▶ [PROBLEM DESCRIPTION]
Word for word, print each record, dropping any image it holds.

▶ [DATA EXTRACTS]

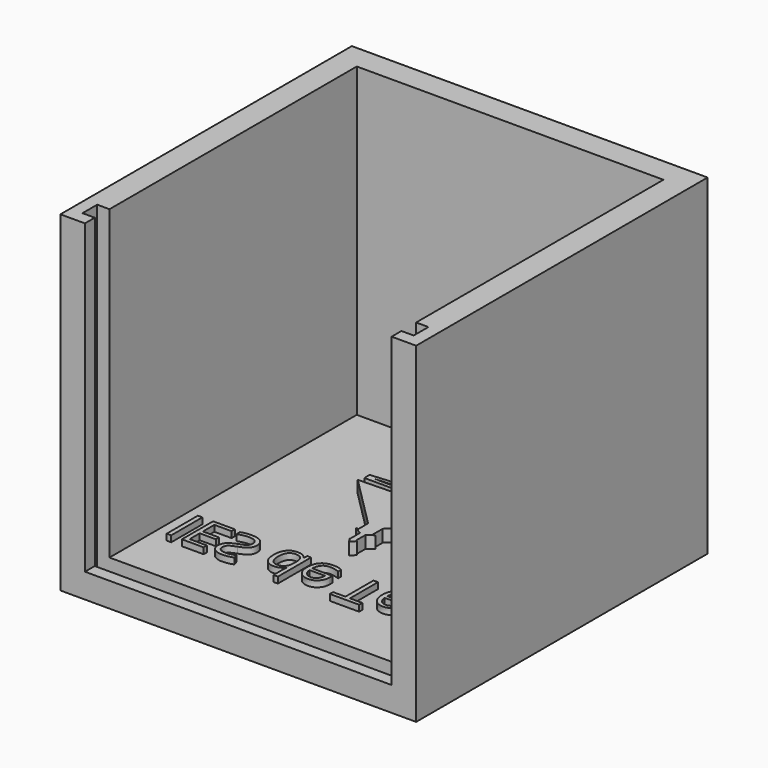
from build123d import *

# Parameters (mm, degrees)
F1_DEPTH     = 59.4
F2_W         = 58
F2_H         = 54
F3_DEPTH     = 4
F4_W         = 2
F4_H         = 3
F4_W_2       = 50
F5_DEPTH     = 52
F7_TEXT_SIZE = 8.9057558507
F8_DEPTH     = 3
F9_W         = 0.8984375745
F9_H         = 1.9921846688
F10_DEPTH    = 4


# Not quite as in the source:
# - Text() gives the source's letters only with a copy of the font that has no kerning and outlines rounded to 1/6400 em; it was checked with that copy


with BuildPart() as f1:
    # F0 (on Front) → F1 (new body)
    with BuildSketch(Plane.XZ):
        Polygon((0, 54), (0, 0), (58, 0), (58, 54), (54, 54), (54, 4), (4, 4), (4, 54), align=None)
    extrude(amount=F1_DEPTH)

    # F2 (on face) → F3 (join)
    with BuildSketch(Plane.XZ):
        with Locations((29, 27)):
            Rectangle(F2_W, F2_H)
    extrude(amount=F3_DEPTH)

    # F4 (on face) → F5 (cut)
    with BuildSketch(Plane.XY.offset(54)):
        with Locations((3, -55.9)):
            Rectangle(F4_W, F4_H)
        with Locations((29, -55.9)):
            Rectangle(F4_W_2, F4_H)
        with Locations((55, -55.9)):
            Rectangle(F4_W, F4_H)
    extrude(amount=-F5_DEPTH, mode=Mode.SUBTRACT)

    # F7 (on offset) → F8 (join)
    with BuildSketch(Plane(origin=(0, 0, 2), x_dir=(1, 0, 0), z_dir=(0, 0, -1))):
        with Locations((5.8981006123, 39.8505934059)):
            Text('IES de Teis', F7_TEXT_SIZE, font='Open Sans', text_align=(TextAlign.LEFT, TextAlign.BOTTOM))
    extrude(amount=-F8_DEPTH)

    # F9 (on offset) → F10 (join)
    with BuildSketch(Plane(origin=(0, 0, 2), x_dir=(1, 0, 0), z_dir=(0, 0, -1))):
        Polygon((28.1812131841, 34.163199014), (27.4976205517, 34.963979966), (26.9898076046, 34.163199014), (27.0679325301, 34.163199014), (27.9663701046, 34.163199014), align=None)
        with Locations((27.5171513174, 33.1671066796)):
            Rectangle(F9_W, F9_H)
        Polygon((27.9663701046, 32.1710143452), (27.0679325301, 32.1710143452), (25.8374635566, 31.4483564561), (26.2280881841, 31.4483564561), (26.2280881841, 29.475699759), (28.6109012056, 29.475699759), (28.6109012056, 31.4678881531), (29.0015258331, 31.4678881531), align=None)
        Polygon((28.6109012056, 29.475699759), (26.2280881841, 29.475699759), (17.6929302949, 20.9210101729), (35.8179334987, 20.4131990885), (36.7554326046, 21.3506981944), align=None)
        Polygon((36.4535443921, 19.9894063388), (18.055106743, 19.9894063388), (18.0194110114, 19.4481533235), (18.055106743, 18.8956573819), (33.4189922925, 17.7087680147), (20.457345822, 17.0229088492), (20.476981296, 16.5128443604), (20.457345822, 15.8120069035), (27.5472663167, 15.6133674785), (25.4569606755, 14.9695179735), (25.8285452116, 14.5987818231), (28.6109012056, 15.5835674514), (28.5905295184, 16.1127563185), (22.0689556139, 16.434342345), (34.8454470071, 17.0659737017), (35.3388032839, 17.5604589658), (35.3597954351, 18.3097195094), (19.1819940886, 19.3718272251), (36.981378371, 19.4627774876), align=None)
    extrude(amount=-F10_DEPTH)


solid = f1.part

▶ [EXERCISE RESPONSE]
from build123d import *

# Parameters (mm, degrees)
F1_DEPTH     = 59.4
F2_W         = 58
F2_H         = 54
F3_DEPTH     = 4
F4_W         = 2
F4_H         = 3
F4_W_2       = 50
F5_DEPTH     = 52
F7_TEXT_SIZE = 8.9057558507
F8_DEPTH     = 3
F9_W         = 0.8984375745
F9_H         = 1.9921846688
F10_DEPTH    = 4


# Not quite as in the source:
# - Text() gives the source's letters only with a copy of the font that has no kerning and outlines rounded to 1/6400 em; it was checked with that copy


with BuildPart() as f1:
    # F0 (on Front) → F1 (new body)
    with BuildSketch(Plane.XZ):
        Polygon((0, 54), (0, 0), (58, 0), (58, 54), (54, 54), (54, 4), (4, 4), (4, 54), align=None)
    extrude(amount=F1_DEPTH)

    # F2 (on face) → F3 (join)
    with BuildSketch(Plane.XZ):
        with Locations((29, 27)):
            Rectangle(F2_W, F2_H)
    extrude(amount=F3_DEPTH)

    # F4 (on face) → F5 (cut)
    with BuildSketch(Plane.XY.offset(54)):
        with Locations((3, -55.9)):
            Rectangle(F4_W, F4_H)
        with Locations((29, -55.9)):
            Rectangle(F4_W_2, F4_H)
        with Locations((55, -55.9)):
            Rectangle(F4_W, F4_H)
    extrude(amount=-F5_DEPTH, mode=Mode.SUBTRACT)

    # F7 (on offset) → F8 (join)
    with BuildSketch(Plane(origin=(0, 0, 2), x_dir=(1, 0, 0), z_dir=(0, 0, -1))):
        with Locations((5.8981006123, 39.8505934059)):
            Text('IES de Teis', F7_TEXT_SIZE, font='Open Sans', text_align=(TextAlign.LEFT, TextAlign.BOTTOM))
    extrude(amount=-F8_DEPTH)

    # F9 (on offset) → F10 (join)
    with BuildSketch(Plane(origin=(0, 0, 2), x_dir=(1, 0, 0), z_dir=(0, 0, -1))):
        Polygon((28.1812131841, 34.163199014), (27.4976205517, 34.963979966), (26.9898076046, 34.163199014), (27.0679325301, 34.163199014), (27.9663701046, 34.163199014), align=None)
        with Locations((27.5171513174, 33.1671066796)):
            Rectangle(F9_W, F9_H)
        Polygon((27.9663701046, 32.1710143452), (27.0679325301, 32.1710143452), (25.8374635566, 31.4483564561), (26.2280881841, 31.4483564561), (26.2280881841, 29.475699759), (28.6109012056, 29.475699759), (28.6109012056, 31.4678881531), (29.0015258331, 31.4678881531), align=None)
        Polygon((28.6109012056, 29.475699759), (26.2280881841, 29.475699759), (17.6929302949, 20.9210101729), (35.8179334987, 20.4131990885), (36.7554326046, 21.3506981944), align=None)
        Polygon((36.4535443921, 19.9894063388), (18.055106743, 19.9894063388), (18.0194110114, 19.4481533235), (18.055106743, 18.8956573819), (33.4189922925, 17.7087680147), (20.457345822, 17.0229088492), (20.476981296, 16.5128443604), (20.457345822, 15.8120069035), (27.5472663167, 15.6133674785), (25.4569606755, 14.9695179735), (25.8285452116, 14.5987818231), (28.6109012056, 15.5835674514), (28.5905295184, 16.1127563185), (22.0689556139, 16.434342345), (34.8454470071, 17.0659737017), (35.3388032839, 17.5604589658), (35.3597954351, 18.3097195094), (19.1819940886, 19.3718272251), (36.981378371, 19.4627774876), align=None)
    extrude(amount=-F10_DEPTH)


solid = f1.part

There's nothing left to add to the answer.